§ **REQUIREMENT**: Should a line below contain the word "обработанное", report it.

§ **LISTED RECORDS**:
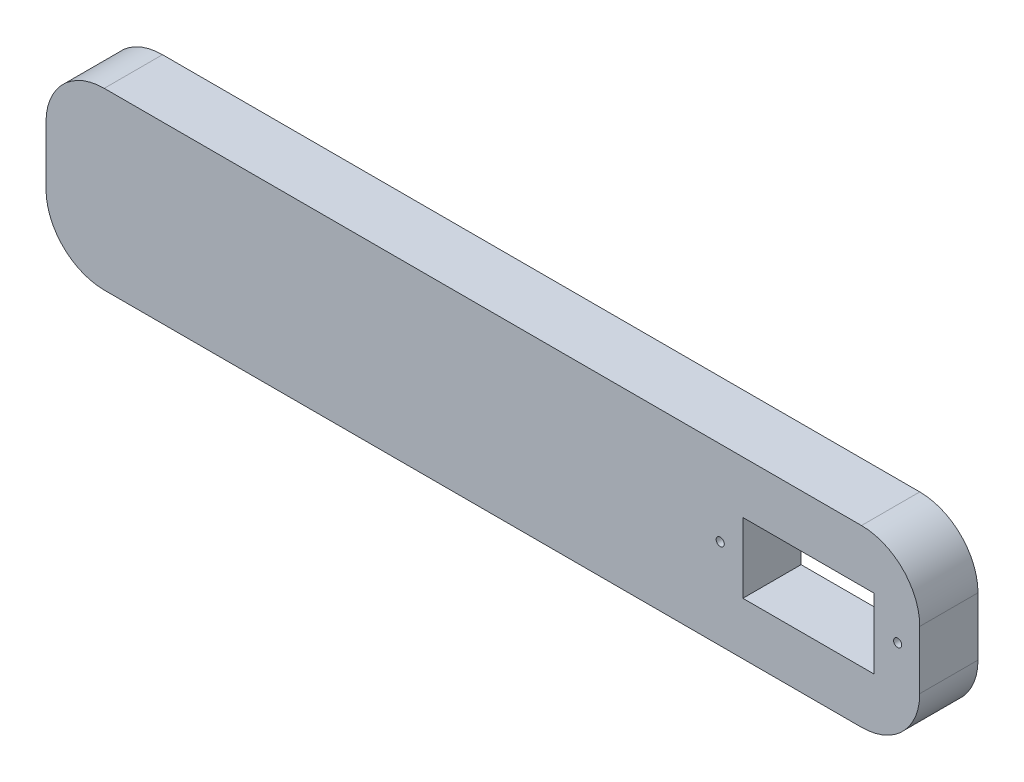
from build123d import *

# Parameters (mm, degrees)
BOSS_EXTRUDE1_DEPTH                                 = 10
SKETCH2_W                                           = 22.52
SKETCH2_H                                           = 12.02
CUT_EXTRUDE1_DEPTH                                  = 154.297097168
CBORE_FOR_00_BINDING_HEAD_MACHINE_SCREW_D           = 1.397
CBORE_FOR_00_BINDING_HEAD_MACHINE_SCREW_CBORE_D     = 3.175
CBORE_FOR_00_BINDING_HEAD_MACHINE_SCREW_CBORE_DEPTH = 0.7112


with BuildPart() as part:
    # Sketch1 → Boss-Extrude1 (new body)
    with BuildSketch(Plane.XY):
        with BuildLine():
            Line((10, 0), (140, 0))
            ThreePointArc((140, 0), (147.071067812, 2.928932188), (150, 10))
            Line((150, 10), (150, 20))
            ThreePointArc((150, 20), (147.071067812, 27.071067812), (140, 30))
            Line((140, 30), (10, 30))
            ThreePointArc((10, 30), (2.928932188, 27.071067812), (0, 20))
            Line((0, 20), (0, 10))
            ThreePointArc((0, 10), (2.928932188, 2.928932188), (10, 0))
        make_face()
    extrude(amount=BOSS_EXTRUDE1_DEPTH)

    # Sketch2 → Cut-Extrude1 (cut, through all)
    with BuildSketch(Plane(origin=(0, 0, 0), x_dir=(-1, 0, 0), z_dir=(0, 0, -1))):
        with Locations((-130.892658662, 15.006569468)):
            Rectangle(SKETCH2_W, SKETCH2_H)
    extrude(amount=-CUT_EXTRUDE1_DEPTH, mode=Mode.SUBTRACT)

    # CBORE for #00 Binding Head Machine Screw3 (through all)
    with Locations(Plane(origin=(0, 0, 0), x_dir=(-1, 0, 0), z_dir=(0, 0, -1))):
        with Locations((-146.209359197, 15.668360935), (-115.743972015, 15.453815955)):
            CounterBoreHole(CBORE_FOR_00_BINDING_HEAD_MACHINE_SCREW_D / 2, CBORE_FOR_00_BINDING_HEAD_MACHINE_SCREW_CBORE_D / 2, CBORE_FOR_00_BINDING_HEAD_MACHINE_SCREW_CBORE_DEPTH)


solid = part.part
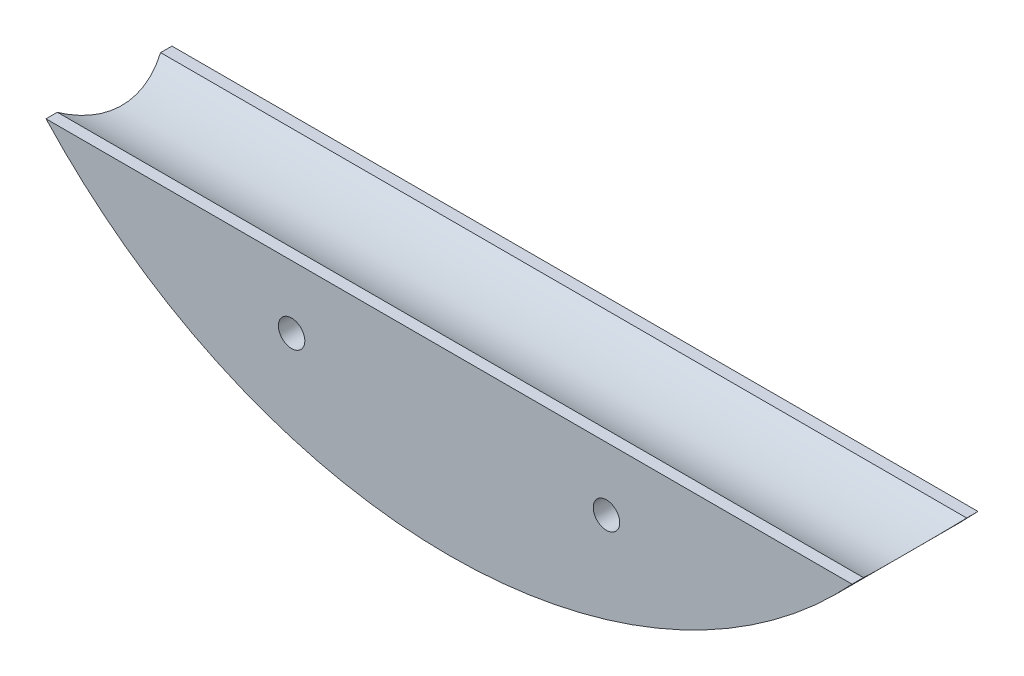
from build123d import *

# Parameters (mm, degrees)
EXTRUDE_1_DEPTH     = 20
SKETCH_2_R          = 16.745148551
CUT_EXTRUDE_1_DEPTH = 133.554049902
M5X0_82_D           = 4.2
M5X0_82_DEPTH       = 9.5
M5X0_82_TIP         = 1.2618073
M5X0_81_D           = 4.2
M5X0_81_DEPTH       = 9.5
M5X0_81_TIP         = 1.2618073


with BuildPart() as part:
    # Эскиз1 → Бобышка-Вытянуть1 (new body)
    with BuildSketch(Plane.XY):
        with BuildLine():
            Line((0, 0), (128, 0))
            ThreePointArc((128, 0), (64, -28.045964869), (0, 0))
        make_face()
    extrude(amount=EXTRUDE_1_DEPTH)

    # Эскиз2 → Вырез-Вытянуть1 (cut, through all)
    with BuildSketch(Plane(origin=(0, 0, 0), x_dir=(0, 0, -1), z_dir=(1, 0, 0))):
        with Locations((-10, 14.6)):
            Circle(SKETCH_2_R)
    extrude(amount=CUT_EXTRUDE_1_DEPTH, mode=Mode.SUBTRACT)

    # Отверстие обработанное метчиком M5x0.82
    with Locations(Plane.XY.offset(20)):
        with Locations((39, -10)):
            Hole(M5X0_82_D / 2, depth=M5X0_82_DEPTH)
            with Locations((0, 0, -(M5X0_82_DEPTH + M5X0_82_TIP / 2))):  # 118° drill point
                Cone(0, M5X0_82_D / 2, M5X0_82_TIP, mode=Mode.SUBTRACT)

    # Отверстие обработанное метчиком M5x0.81
    with Locations(Plane.XY.offset(20)):
        with Locations((89, -10)):
            Hole(M5X0_81_D / 2, depth=M5X0_81_DEPTH)
            with Locations((0, 0, -(M5X0_81_DEPTH + M5X0_81_TIP / 2))):  # 118° drill point
                Cone(0, M5X0_81_D / 2, M5X0_81_TIP, mode=Mode.SUBTRACT)


solid = part.part
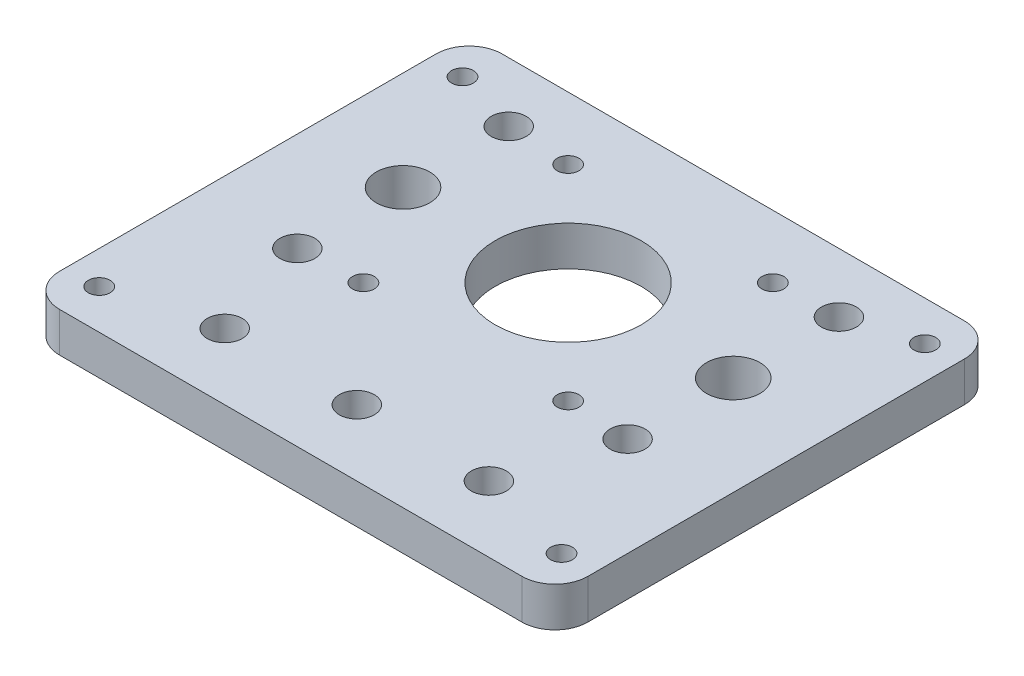
from build123d import *

# Parameters (mm, degrees)
SKETCH_1_R      = 11.05
SKETCH_1_R_2    = 1.65
SKETCH_1_R_3    = 4.05
SKETCH_1_R_4    = 2.65
EXTRUDE_1_DEPTH = 6


with BuildPart() as part:
    # 草图1 → 凸台-拉伸1 (new body)
    with BuildSketch(Plane(origin=(0, 0, 0), x_dir=(1, 0, 0), z_dir=(0, 1, 0))):
        with BuildLine():
            Line((-35, -42), (35, -42))
            ThreePointArc((35, -42), (38.535533906, -40.535533906), (40, -37))
            Line((40, -37), (40, 20))
            ThreePointArc((40, 20), (38.535533906, 23.535533906), (35, 25))
            Line((35, 25), (-35, 25))
            ThreePointArc((-35, 25), (-38.535533906, 23.535533906), (-40, 20))
            Line((-40, 20), (-40, -37))
            ThreePointArc((-40, -37), (-38.535533906, -40.535533906), (-35, -42))
        make_face()
        with Locations(Location((0, 0, 0), (0, 0, 270))):
            Circle(SKETCH_1_R, mode=Mode.SUBTRACT)
        with Locations(Location((-15.5, 15.5, 0), (0, 0, 270))):
            Circle(SKETCH_1_R_2, mode=Mode.SUBTRACT)
        with Locations(Location((15.5, 15.5, 0), (0, 0, 270))):
            Circle(SKETCH_1_R_2, mode=Mode.SUBTRACT)
        with Locations(Location((15.5, -15.5, 0), (0, 0, 270))):
            Circle(SKETCH_1_R_2, mode=Mode.SUBTRACT)
        with Locations(Location((-15.5, -15.5, 0), (0, 0, 270))):
            Circle(SKETCH_1_R_2, mode=Mode.SUBTRACT)
        with Locations(Location((-25, 0, 0), (0, 0, 270))):
            Circle(SKETCH_1_R_3, mode=Mode.SUBTRACT)
        with Locations(Location((-25, 16, 0), (0, 0, 270))):
            Circle(SKETCH_1_R_4, mode=Mode.SUBTRACT)
        with Locations(Location((-25, -16, 0), (0, 0, 90))):
            Circle(SKETCH_1_R_4, mode=Mode.SUBTRACT)
        with Locations(Location((25, 0, 0), (0, 0, 90))):
            Circle(SKETCH_1_R_3, mode=Mode.SUBTRACT)
        with Locations(Location((25, -16, 0), (0, 0, 270))):
            Circle(SKETCH_1_R_4, mode=Mode.SUBTRACT)
        with Locations(Location((25, 16, 0), (0, 0, 90))):
            Circle(SKETCH_1_R_4, mode=Mode.SUBTRACT)
        with Locations(Location((-20, -32, 0), (0, 0, 270))):
            Circle(SKETCH_1_R_4, mode=Mode.SUBTRACT)
        with Locations(Location((0, -32, 0), (0, 0, 270))):
            Circle(SKETCH_1_R_4, mode=Mode.SUBTRACT)
        with Locations(Location((20, -32, 0), (0, 0, 270))):
            Circle(SKETCH_1_R_4, mode=Mode.SUBTRACT)
        with Locations(Location((-35, 19, 0), (0, 0, 270))):
            Circle(SKETCH_1_R_2, mode=Mode.SUBTRACT)
        with Locations(Location((-35, -36, 0), (0, 0, 270))):
            Circle(SKETCH_1_R_2, mode=Mode.SUBTRACT)
        with Locations(Location((35, -36, 0), (0, 0, 90))):
            Circle(SKETCH_1_R_2, mode=Mode.SUBTRACT)
        with Locations(Location((35, 19, 0), (0, 0, 90))):
            Circle(SKETCH_1_R_2, mode=Mode.SUBTRACT)
    extrude(amount=EXTRUDE_1_DEPTH)


solid = part.part
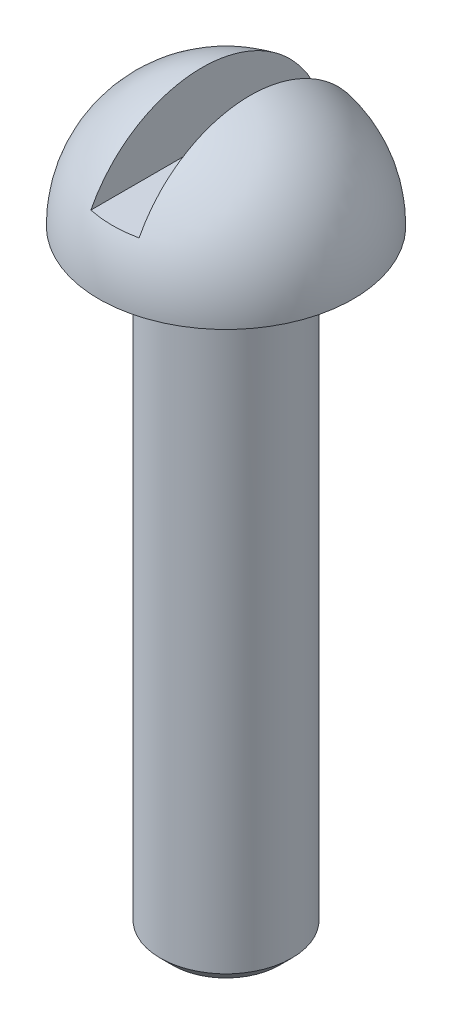
from build123d import *

# Parameters (mm, degrees)
CHAMFER_1_SIZE           = 0.2805
CUT_EXTRUDE_2_DEPTH      = 15.588351518
CUT_EXTRUDE_2_DEPTH_BACK = 15.588351518
SKETCH_4_W               = 1.1
SKETCH_4_H               = 3.2


with BuildPart() as part:
    # Эскиз1 → Повернуть1 (revolve)
    with BuildSketch(Plane.XY):
        with BuildLine():
            ThreePointArc((0, 2.9), (2.050609665, 2.050609665), (2.9, 0))
            Line((2.9, 0), (1.5, 0))
            Line((1.5, 0), (1.5, -14))
            Line((1.5, -14), (0, -14))
            Line((0, -14), (0, 2.9))
        make_face()
    revolve(axis=Axis((0, 2.9, 0), (0, -1, 0)))

    # Фаска1
    chamfer_1_edges = [part.edges().sort_by_distance(p)[0] for p in [
        (-1.5, -14, 0),
    ]]
    chamfer(chamfer_1_edges, length=CHAMFER_1_SIZE)

    # Эскиз4 → Вырез-Вытянуть2 (cut, two sides: drawn at the far end of the back side and taken through both)
    with BuildSketch(Plane.XY.offset(-CUT_EXTRUDE_2_DEPTH_BACK)):
        with Locations((0, 2.9)):
            Rectangle(SKETCH_4_W, SKETCH_4_H)
    extrude(amount=CUT_EXTRUDE_2_DEPTH + CUT_EXTRUDE_2_DEPTH_BACK, mode=Mode.SUBTRACT)


solid = part.part

§ **ANSWER TO THIS TASK**:
    # Отверстие обработанное метчиком M5x0.82
    # Отверстие обработанное метчиком M5x0.81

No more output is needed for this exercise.